ECHA Opens Consultation On Four Substances For REACH Annex XIV

The consultation was published on 2 February 2026 and runs until 2 May 2026, closing at 23:59 Helsinki time. ECHA notes that prioritisation relies mainly on registration dossier information on uses and volumes, and it encourages registrants to keep dossiers up to date.

Substances Under Consultation

ECHA’s consultation lists the following substances, each already identified on the Candidate List as substances of very high concern (SVHCs) on different hazard grounds:

• Bumetrizole (UV-326) (EC 223-445-4, CAS 3896-11-5), identified as very persistent and very bioaccumulative (vPvB) under Article 57(e)
• UV-329 (EC 221-573-5, CAS 3147-75-9), also identified as vPvB under Article 57(e)
• Triphenyl phosphate (EC 204-112-2, CAS 115-86-6), identified under Article 57(f) due to endocrine-disrupting properties for the environment
• 2-(dimethylamino)-2-[(4-methylphenyl)methyl]-1-[4-(morpholin-4-yl)phenyl]butan-1-one (EC 438-340-0, CAS 119344-86-4), identified under Article 57(c) as toxic for reproduction, Category 1B (H360Df)

Typical Uses And Why ECHA Prioritised Them

In ECHA’s draft background documentation, UV-326 and UV-329 are described as UV stabilisers used across plastics, rubber and resins, as well as in coatings, adhesives, sealants, lubricants, cleaning products and inks, and in a wide range of articles. Triphenyl phosphate is described as a flame retardant and plasticiser with uses in polymer formulations, adhesives and sealants, coatings and paints, and in a broad range of articles, including electrical and electronic equipment and textiles, with some reported uses in cosmetics and personal care. The photoinitiator is described as primarily used for UV inks and coatings in industrial and professional printing.

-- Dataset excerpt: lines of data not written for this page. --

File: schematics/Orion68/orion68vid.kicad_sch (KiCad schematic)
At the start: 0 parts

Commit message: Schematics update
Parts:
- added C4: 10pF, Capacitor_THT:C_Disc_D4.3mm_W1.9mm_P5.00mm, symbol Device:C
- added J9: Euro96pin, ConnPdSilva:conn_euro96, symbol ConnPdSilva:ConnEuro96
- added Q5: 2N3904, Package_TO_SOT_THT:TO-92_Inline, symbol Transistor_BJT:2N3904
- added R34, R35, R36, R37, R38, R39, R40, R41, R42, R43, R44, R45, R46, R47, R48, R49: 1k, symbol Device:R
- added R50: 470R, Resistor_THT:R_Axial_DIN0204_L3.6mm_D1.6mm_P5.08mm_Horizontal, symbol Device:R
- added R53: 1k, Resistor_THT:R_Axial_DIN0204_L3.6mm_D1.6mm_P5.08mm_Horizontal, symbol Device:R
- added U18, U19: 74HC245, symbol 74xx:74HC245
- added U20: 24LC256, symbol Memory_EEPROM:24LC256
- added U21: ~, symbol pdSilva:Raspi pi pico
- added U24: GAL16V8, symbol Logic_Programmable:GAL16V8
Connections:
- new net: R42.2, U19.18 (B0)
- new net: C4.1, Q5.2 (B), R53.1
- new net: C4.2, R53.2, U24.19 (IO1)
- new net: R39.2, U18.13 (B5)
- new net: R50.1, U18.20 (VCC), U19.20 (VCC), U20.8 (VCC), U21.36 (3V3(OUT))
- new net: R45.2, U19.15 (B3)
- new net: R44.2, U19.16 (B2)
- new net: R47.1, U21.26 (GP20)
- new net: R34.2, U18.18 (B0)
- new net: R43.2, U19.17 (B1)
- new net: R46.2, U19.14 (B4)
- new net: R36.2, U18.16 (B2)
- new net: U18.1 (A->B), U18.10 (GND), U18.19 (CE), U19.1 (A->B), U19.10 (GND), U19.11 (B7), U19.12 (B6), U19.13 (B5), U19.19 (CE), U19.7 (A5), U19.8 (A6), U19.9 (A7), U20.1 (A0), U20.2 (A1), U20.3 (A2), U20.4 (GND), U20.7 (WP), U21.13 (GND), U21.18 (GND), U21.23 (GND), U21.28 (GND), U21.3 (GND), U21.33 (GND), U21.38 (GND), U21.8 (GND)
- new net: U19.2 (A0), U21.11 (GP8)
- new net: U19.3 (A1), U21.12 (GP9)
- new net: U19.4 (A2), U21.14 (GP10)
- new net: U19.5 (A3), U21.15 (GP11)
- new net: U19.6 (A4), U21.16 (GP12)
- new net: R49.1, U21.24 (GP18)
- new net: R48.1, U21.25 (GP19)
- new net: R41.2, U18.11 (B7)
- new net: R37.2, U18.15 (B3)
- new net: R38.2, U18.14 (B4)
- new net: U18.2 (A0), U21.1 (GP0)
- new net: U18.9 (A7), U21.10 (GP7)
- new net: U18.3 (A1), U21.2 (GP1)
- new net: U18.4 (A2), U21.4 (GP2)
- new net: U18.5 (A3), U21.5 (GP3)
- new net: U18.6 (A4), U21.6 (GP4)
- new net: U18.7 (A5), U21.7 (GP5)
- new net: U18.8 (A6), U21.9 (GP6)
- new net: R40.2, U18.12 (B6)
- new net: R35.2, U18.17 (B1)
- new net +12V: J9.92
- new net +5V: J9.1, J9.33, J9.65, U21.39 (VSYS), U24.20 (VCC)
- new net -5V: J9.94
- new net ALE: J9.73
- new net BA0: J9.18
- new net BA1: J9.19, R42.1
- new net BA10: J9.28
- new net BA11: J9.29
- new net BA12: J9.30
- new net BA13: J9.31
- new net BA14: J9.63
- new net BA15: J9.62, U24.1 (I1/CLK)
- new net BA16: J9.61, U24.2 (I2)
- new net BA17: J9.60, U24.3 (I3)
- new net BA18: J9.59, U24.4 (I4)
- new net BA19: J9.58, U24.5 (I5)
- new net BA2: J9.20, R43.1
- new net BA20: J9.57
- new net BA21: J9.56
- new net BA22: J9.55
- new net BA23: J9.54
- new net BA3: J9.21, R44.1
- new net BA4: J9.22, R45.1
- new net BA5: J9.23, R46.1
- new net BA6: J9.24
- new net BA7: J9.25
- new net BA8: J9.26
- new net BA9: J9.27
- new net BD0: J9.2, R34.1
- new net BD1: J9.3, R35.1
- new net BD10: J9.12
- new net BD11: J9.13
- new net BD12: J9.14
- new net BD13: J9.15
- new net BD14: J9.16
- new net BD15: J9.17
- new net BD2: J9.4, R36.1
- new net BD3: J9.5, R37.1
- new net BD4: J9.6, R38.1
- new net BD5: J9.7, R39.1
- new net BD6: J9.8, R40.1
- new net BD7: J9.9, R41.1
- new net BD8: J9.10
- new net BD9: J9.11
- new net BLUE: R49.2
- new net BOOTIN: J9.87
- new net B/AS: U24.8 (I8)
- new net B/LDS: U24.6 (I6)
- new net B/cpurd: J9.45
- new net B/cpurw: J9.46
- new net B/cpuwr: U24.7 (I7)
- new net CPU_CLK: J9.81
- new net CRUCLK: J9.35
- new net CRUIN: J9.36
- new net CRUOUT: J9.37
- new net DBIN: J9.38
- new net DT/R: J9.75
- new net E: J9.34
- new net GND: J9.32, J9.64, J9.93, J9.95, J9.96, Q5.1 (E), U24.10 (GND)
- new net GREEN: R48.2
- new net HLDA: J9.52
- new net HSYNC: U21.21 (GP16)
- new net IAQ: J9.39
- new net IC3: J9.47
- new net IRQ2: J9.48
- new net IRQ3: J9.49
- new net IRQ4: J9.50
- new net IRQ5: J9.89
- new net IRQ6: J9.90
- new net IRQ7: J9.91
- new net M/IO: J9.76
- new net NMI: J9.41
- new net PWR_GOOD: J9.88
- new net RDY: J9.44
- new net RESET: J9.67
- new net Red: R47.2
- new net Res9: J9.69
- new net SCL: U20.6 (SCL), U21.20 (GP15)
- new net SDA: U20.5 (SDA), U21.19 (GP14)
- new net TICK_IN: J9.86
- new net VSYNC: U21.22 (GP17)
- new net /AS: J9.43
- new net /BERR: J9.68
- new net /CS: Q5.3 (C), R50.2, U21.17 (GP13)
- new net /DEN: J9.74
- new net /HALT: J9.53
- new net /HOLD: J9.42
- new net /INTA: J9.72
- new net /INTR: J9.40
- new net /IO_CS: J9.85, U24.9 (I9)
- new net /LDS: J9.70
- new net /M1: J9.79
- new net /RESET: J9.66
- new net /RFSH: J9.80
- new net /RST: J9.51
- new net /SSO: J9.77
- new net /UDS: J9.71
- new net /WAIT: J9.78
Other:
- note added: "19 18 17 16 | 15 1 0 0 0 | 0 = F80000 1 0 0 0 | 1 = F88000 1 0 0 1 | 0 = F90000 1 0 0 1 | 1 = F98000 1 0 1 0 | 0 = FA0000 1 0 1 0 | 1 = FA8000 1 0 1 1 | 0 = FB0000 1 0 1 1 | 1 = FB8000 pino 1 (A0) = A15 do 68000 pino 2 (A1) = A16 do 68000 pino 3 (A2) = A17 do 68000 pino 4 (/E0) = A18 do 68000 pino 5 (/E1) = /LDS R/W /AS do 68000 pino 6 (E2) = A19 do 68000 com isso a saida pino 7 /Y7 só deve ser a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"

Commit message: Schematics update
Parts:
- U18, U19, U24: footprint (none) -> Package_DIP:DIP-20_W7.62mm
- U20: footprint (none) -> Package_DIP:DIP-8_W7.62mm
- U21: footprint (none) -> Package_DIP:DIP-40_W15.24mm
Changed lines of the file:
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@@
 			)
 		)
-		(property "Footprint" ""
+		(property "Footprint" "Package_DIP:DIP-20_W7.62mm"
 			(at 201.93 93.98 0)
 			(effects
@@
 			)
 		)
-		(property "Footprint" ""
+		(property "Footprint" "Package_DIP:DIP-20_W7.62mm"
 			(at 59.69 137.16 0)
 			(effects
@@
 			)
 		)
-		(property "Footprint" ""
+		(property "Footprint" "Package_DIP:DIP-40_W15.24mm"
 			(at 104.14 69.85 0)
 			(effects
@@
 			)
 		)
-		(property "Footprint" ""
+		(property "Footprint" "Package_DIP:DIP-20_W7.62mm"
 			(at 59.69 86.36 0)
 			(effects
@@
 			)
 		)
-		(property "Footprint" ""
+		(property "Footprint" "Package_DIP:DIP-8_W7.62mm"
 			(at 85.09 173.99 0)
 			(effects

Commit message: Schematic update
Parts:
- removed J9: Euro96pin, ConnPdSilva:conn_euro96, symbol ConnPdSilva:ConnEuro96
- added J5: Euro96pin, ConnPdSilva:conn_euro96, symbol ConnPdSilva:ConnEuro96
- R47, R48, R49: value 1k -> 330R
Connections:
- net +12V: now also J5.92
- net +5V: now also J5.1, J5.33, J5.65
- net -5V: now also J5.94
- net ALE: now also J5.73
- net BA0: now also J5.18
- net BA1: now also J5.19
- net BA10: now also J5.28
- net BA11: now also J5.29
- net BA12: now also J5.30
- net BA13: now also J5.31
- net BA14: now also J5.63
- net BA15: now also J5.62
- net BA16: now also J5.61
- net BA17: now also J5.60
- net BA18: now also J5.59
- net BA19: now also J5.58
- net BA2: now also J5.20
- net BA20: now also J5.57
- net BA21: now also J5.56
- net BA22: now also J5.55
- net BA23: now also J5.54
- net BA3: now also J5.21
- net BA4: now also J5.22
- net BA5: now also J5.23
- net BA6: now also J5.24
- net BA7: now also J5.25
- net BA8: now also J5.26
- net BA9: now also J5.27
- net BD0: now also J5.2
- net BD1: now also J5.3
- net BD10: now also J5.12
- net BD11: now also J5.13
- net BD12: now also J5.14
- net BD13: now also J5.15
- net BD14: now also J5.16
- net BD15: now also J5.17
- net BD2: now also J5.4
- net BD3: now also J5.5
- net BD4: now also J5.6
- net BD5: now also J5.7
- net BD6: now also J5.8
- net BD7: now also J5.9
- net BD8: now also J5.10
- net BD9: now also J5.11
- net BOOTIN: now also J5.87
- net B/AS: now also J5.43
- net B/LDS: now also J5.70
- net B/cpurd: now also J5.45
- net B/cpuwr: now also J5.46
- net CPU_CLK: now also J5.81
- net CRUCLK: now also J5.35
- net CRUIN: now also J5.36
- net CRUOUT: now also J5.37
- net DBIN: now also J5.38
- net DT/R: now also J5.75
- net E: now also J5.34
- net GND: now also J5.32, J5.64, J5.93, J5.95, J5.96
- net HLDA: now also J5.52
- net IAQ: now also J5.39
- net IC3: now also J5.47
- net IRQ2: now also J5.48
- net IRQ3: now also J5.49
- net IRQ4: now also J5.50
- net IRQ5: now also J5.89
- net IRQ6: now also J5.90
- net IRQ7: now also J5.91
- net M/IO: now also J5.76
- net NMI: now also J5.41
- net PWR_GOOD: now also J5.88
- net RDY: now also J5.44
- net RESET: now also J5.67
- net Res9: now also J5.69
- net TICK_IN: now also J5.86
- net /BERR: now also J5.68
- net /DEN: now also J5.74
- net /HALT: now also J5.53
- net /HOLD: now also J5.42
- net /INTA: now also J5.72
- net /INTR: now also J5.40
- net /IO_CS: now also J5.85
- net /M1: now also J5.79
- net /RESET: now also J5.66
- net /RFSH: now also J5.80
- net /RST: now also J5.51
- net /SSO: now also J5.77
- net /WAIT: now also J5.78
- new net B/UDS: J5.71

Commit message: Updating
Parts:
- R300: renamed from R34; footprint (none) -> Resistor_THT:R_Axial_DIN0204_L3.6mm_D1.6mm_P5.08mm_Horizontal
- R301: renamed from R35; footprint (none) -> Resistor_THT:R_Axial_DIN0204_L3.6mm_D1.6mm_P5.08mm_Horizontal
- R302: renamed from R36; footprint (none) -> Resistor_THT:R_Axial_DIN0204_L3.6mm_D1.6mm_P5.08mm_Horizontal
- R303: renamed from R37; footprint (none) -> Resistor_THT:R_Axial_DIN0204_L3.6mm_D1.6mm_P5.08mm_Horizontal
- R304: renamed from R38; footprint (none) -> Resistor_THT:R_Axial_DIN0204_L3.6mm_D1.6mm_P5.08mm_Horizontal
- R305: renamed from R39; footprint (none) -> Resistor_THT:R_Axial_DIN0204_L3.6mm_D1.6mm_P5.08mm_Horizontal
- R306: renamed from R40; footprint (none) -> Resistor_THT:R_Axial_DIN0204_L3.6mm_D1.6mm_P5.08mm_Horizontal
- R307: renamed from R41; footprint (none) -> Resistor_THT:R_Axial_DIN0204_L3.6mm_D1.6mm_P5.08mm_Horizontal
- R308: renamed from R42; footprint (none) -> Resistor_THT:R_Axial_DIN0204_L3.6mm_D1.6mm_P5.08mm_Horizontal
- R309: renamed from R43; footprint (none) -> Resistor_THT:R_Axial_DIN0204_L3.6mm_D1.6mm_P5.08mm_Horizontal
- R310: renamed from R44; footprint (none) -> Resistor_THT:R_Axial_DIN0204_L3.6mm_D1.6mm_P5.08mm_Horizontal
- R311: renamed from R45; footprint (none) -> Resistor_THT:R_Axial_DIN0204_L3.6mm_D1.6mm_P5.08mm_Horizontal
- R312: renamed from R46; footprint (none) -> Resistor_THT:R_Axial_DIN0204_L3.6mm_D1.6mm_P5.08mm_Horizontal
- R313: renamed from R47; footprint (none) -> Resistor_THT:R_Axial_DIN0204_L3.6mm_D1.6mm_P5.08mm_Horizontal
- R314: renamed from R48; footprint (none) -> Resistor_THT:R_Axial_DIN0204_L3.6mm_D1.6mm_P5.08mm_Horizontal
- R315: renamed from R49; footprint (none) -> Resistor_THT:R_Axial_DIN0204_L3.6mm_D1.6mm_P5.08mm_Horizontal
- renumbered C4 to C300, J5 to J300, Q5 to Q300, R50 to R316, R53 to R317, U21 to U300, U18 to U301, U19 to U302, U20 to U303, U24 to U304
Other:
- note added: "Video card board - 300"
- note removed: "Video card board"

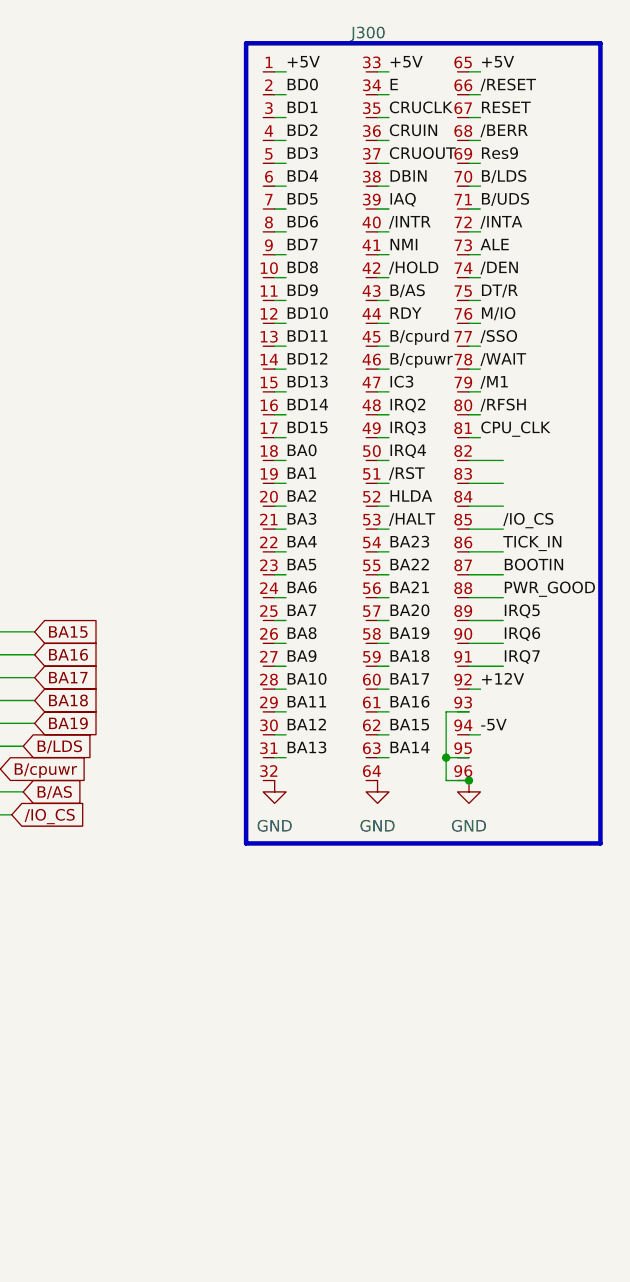
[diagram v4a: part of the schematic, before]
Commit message: Schematic verified to board
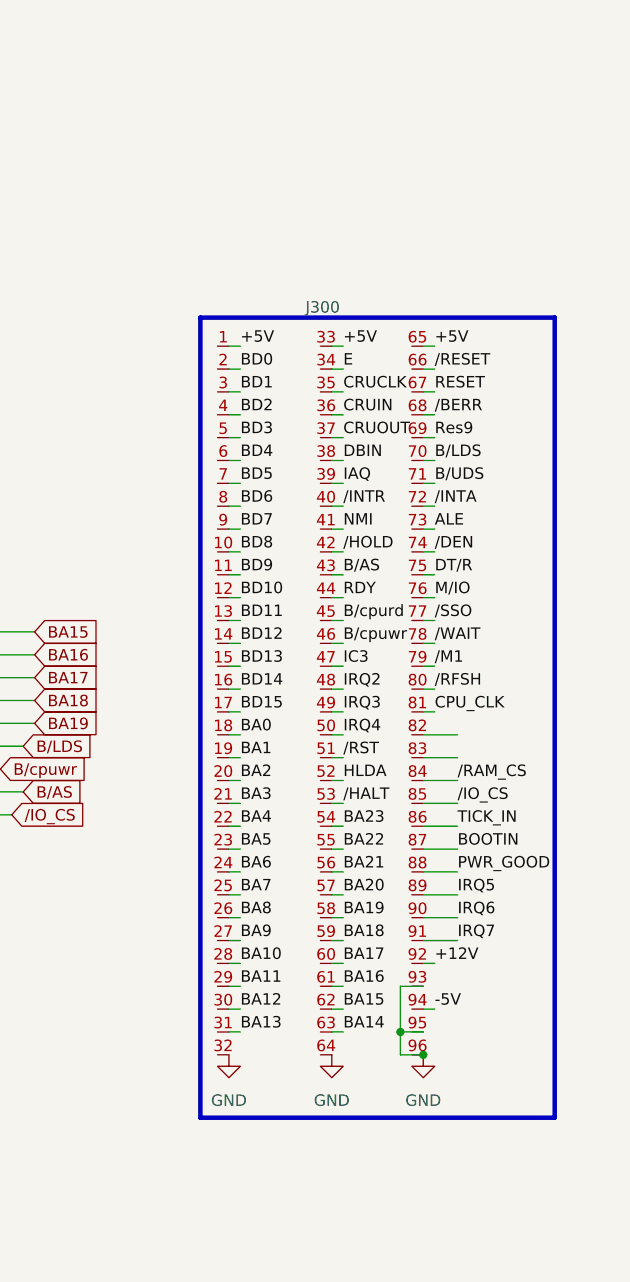
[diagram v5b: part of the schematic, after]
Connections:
- net /RAM_CS: now reaches J300.84

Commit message: Cpu board fixed and running
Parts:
- removed C300: 10pF, Capacitor_THT:C_Disc_D4.3mm_W1.9mm_P5.00mm, symbol Device:C
- removed Q300: 2N3904, Package_TO_SOT_THT:TO-92_Inline, symbol Transistor_BJT:2N3904
- added Q4: 2N7000, Package_TO_SOT_THT:TO-92_Inline, symbol Transistor_FET:2N7000
- R316: value 470R -> 10K
- R317: value 1k -> 10k
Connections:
- net +5V: now also R317.2
- net /CS: now also Q4.1 (S)
- net /IO_CS: no longer J300.85
- net at R317.1: now also U304.19 (IO1), Q4.3 (D)
- net +3,3V: now reaches R316.1, U300.36 (3V3(OUT)), U301.20 (VCC), U302.20 (VCC), U303.8 (VCC)
- net +3,3V: now also Q4.2 (G)
- net /RAM_CS: no longer names the net of J300.84
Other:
- moved on the sheet: R316, R317

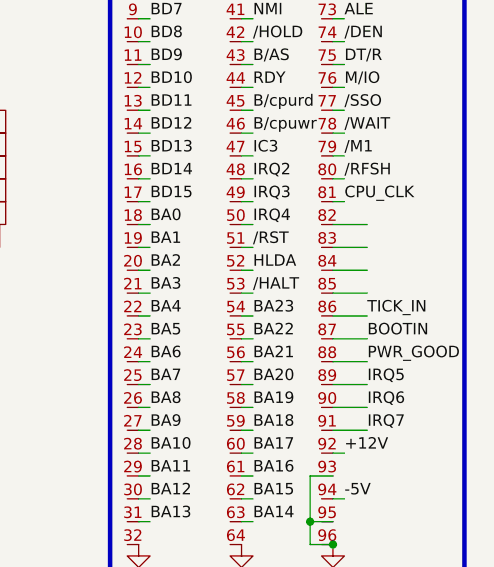
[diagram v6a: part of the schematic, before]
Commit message: A20 bug fixed, missing serial CSA, running ok
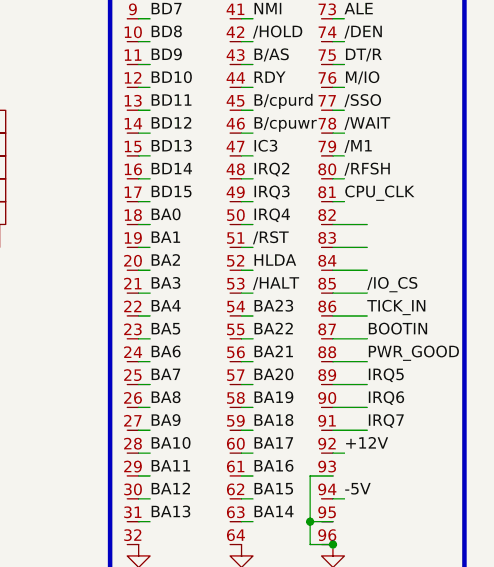
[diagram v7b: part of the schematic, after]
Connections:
- net /IO_CS: now also J300.85
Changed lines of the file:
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@@
+		)
+	)
+	(label "{slash}IO_CS"
+		(at 266.7 100.33 0)
+		(effects
+			(font
+				(size 1.27 1.27)
+			)
+			(justify left bottom)
 		)
 	)

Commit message: updating
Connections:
- net B/LDS: no longer U304.6 (I6)
- net GND: now also U304.11 (I10/~{OE})
- net /IO_CS: no longer U304.9 (I9)
- net A20: now reaches U304.12 (IO8)
- net A21: now reaches U304.13 (IO7)
- net A22: now reaches U304.14 (IO6)
- new net A23: U304.9 (I9)
- new net /LDS: U304.6 (I6)

ECHA reports EU use volumes within the authorisation scope ranging from 100 to less than 10,000 tonnes per year, depending on the substance, with wide-dispersive industrial, professional and, for several substances, consumer and article uses.

What To Watch Next

ECHA indicates a standard approach to transitional arrangements in Annex XIV, with a latest application date around 18 to 24 months after inclusion and a sunset date 18 months later, while review periods or exemptions would be set later through authorisation decisions.

Summary

For companies making, importing or using materials and articles that may contain these substances, the consultation is a key opportunity to provide use information and potential exemption arguments. Early preparation can reduce disruption if Annex XIV inclusion later translates into authorisation obligations for specific uses.